◆ Stored entries:
--------------------

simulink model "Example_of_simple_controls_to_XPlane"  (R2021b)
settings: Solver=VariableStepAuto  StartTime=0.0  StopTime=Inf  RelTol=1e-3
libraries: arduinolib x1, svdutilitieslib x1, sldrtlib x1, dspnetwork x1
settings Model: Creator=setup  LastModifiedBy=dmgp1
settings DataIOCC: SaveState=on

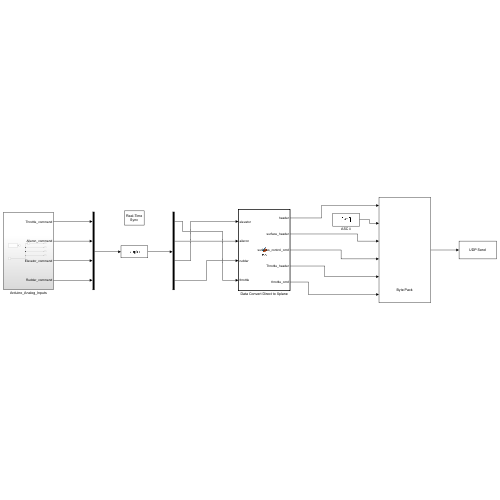
[thumbnail: Simulink's stored preview of the top-level diagram]
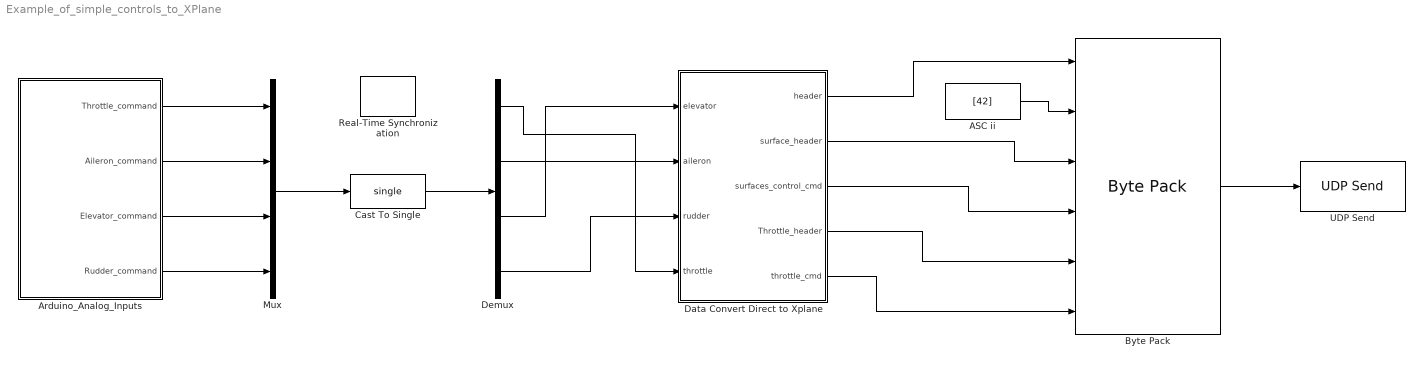
== system Example_of_simple_controls_to_XPlane ==
  ASC ii : Constant  Value=[42]  OutDataTypeStr=uint8
  Arduino_Analog_Inputs : Subsystem
  Byte Pack : svdutilitieslib/Byte Pack  maskPackedDataType=uint8  datatypes={'uint8','uint8','uint8','single','uint8','single'}  byteAlign=1  blockPlatform=arduinoert
      settings: SourceProductBaseCode=ANDROID,ARDUINO,ML_ARDUINO,ECCORTEXA,ECCORTEXR,SC_BEAGLEBONE_BLUE,EC_FREEDOM_BOARD,EC_FRDM_K64F,INTEL_BLOCKSET,MICROBIT,NUCLEO,NVIDIA,PX4AUTOPILOTS,RASPPIIO,STMICRODIS,TIC2000,XILINX_BLOCKSET
  Cast To Single : DataTypeConversion  OutDataTypeStr=single
  Data Convert Direct to Xplane : MATLAB Function  TreatAsAtomicUnit=on
  Demux : Demux
  Mux : Mux
  Real-Time Synchronization : sldrtlib/Real-Time Synchronization  SampleTime=0.02  MaxMissedTicks=20  ShowMissedTicks=off  YieldWhenWaiting=off
  UDP Send : dspnetwork/UDP Send  remoteURL='127.0.0.1'  remotePort=49000  localURL='0.0.0.0'  localPortSource=Automatically determine  localPort=-1  sendBufferSize=8192  sampletime=-1  blockPlatform=[]  separateLengthPort=0
  wires:
  Data Convert Direct to Xplane/1(header) -> Byte Pack/1
  ASC ii/1 -> Byte Pack/2
  Mux/1 -> Cast To Single/1
  Cast To Single/1 -> Demux/1
  Arduino_Analog_Inputs/1(Throttle_command) -> Mux/1
  Arduino_Analog_Inputs/2(Aileron_command) -> Mux/2
  Arduino_Analog_Inputs/3(Elevator_command) -> Mux/3
  Arduino_Analog_Inputs/4(Rudder_command) -> Mux/4
  Demux/1 -> Data Convert Direct to Xplane/4(throttle)
  Demux/2 -> Data Convert Direct to Xplane/2(aileron)
  Demux/3 -> Data Convert Direct to Xplane/1(elevator)
  Demux/4 -> Data Convert Direct to Xplane/3(rudder)
  Data Convert Direct to Xplane/2(surface_header) -> Byte Pack/3
  Data Convert Direct to Xplane/3(surfaces_control_cmd) -> Byte Pack/4
  Data Convert Direct to Xplane/4(Throttle_header) -> Byte Pack/5
  Data Convert Direct to Xplane/5(throttle_cmd) -> Byte Pack/6
  Byte Pack/1 -> UDP Send/1

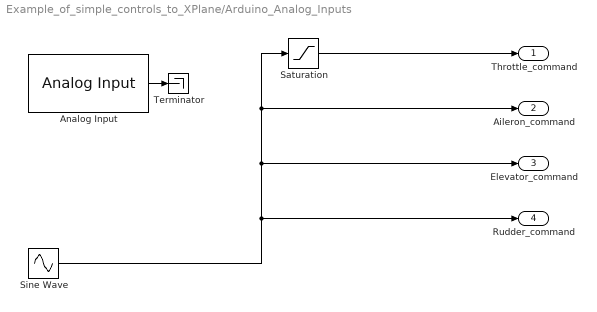
== system Example_of_simple_controls_to_XPlane/Arduino_Analog_Inputs ==
  Analog Input : arduinolib/Analog Input  pinNumber=4  ReadResultsOnly=off  ConversionTriggerSource=Software  ExternalTriggerType=uint32( 0 )  OutputDataType=uint16  EnableConversionCompleteNotify=off  EnableOuputStatus=off  SampleTime=-1  blockPlatform=arduino
  Saturation : Saturate  UpperLimit=1  LowerLimit=0
  Sine Wave : Sin  SampleTime=0
  Terminator : Terminator
  Throttle_command : Outport
  Aileron_command : Outport  Port=2
  Elevator_command : Outport  Port=3
  Rudder_command : Outport  Port=4
  wires:
  Sine Wave/1 -> Aileron_command/1, Saturation/1, Elevator_command/1, Rudder_command/1
  Saturation/1 -> Throttle_command/1
  Analog Input/1 -> Terminator/1

== matlab function Example_of_simple_controls_to_XPlane/Data Convert Direct to Xplane ==
  data: elevator input; aileron input; rudder input; header output; surface_header output; surfaces_control_cmd output; Throttle_header output; throttle_cmd output; throttle input
function [header,surface_header, surfaces_control_cmd,Throttle_header, throttle_cmd] = fcn(elevator, aileron, rudder, throttle) % ,trim_control_cmd // elevator_trim, aileron_trim, rudder_trim,
    header = [uint8(68) uint8(65) uint8(84) uint8(65)]; 

    No_Comand = single(-999);

    surface_header = uint8([uint8(8) uint8(0) uint8(0) uint8(0)]);
    surfaces_control_cmd = [elevator aileron rudder No_Comand No_Comand No_Comand No_Comand No_Comand];

%     Trim_header = typecast(uint8([uint8(13) uint8(0) uint8(0) uint8(0)]), 'single');
%     trim_control_cmd = [ Trim_header elevator_trim aileron_trim rudder_trim No_Comand No_Comand No_Comand No_Comand No_Comand Trim_header No_Comand aileron_trim rudder_trim No_Comand No_Comand No_Comand No_Comand No_Comand];

    Throttle_header = uint8([uint8(25) uint8(0) uint8(0) uint8(0)]);
    throttle_cmd = [throttle No_Comand No_Comand No_Comand No_Comand No_Comand No_Comand No_Comand];

end

% function [header,location_header, location_package] = fcn(X,Y,Altitude) % ,trim_control_cmd // elevator_trim, aileron_trim, rudder_trim,
%     header = [uint8(68) uint8(65) uint8(84) uint8(65)]; 
% 
%     No_Comand = single(-999);
% 
%     location_header = uint8([uint8(21) uint8(0) uint8(0) uint8(0)]);
%     location_package = single([X Altitude Y -42 0 24 No_Comand No_Comand]);
% 
% end

% function [header,location_header, location_package] = fcn(pitch,roll,heading) % ,trim_control_cmd // elevator_trim, aileron_trim, rudder_trim,
%     header = [uint8(68) uint8(65) uint8(84) uint8(65)]; 
% 
%     No_Comand = single(-999);
% 
%     location_header = uint8([uint8(17) uint8(0) uint8(0) uint8(0)]);
%     location_package = single([pitch roll heading No_Comand No_Comand No_Comand No_Comand No_Comand]);
% 
% end

% function [header,speeds_header, speed_package,rotation_header,rotation_package,surface_header, surfaces_package,throttle_header,throttle_package] = fcn(u,v,w,P,Q,R,throttle,aileron,elevator,rudder) % ,trim_control_cmd // elevator_trim, aileron_trim, rudder_trim,
%     header = [uint8(68) uint8(65) uint8(84) uint8(65)]; 
% 
%     No_Comand = single(-999);
% 
%     speeds_header = uint8([uint8(21) uint8(0) uint8(0) uint8(0)]);
%     speed_package = single([No_Comand No_Comand No_Comand u -w v No_Comand No_Comand]);
% 
%     rotation_header = uint8([uint8(17) uint8(0) uint8(0) uint8(0)]);
%     rotation_package = single([Q P No_Comand No_Comand No_Comand No_Comand No_Comand No_Comand]);
% 
%     surface_header = uint8([uint8(8) uint8(0) uint8(0) uint8(0)]);
%     surfaces_package = [elevator aileron rudder No_Comand No_Comand No_Comand No_Comand No_Comand];
% 
%     throttle_header = uint8([uint8(25) uint8(0) uint8(0) uint8(0)]);
%     throttle_package = [throttle No_Comand No_Comand No_Comand No_Comand No_Comand No_Comand No_Comand];
% 
% end

--------------------

◆ WHAT YOU HAVE TO DO: Every line from the first line of the entries above through the line with "[thumbnail: Simulink's stored" must be repeated exactly, and pictures must not be.

◆ SOLUTION TO THIS PROBLEM:
simulink model "Example_of_simple_controls_to_XPlane"  (R2021b)
settings: Solver=VariableStepAuto  StartTime=0.0  StopTime=Inf  RelTol=1e-3
libraries: arduinolib x1, svdutilitieslib x1, sldrtlib x1, dspnetwork x1
settings Model: Creator=setup  LastModifiedBy=dmgp1
settings DataIOCC: SaveState=on

[thumbnail: Simulink's stored preview of the top-level diagram]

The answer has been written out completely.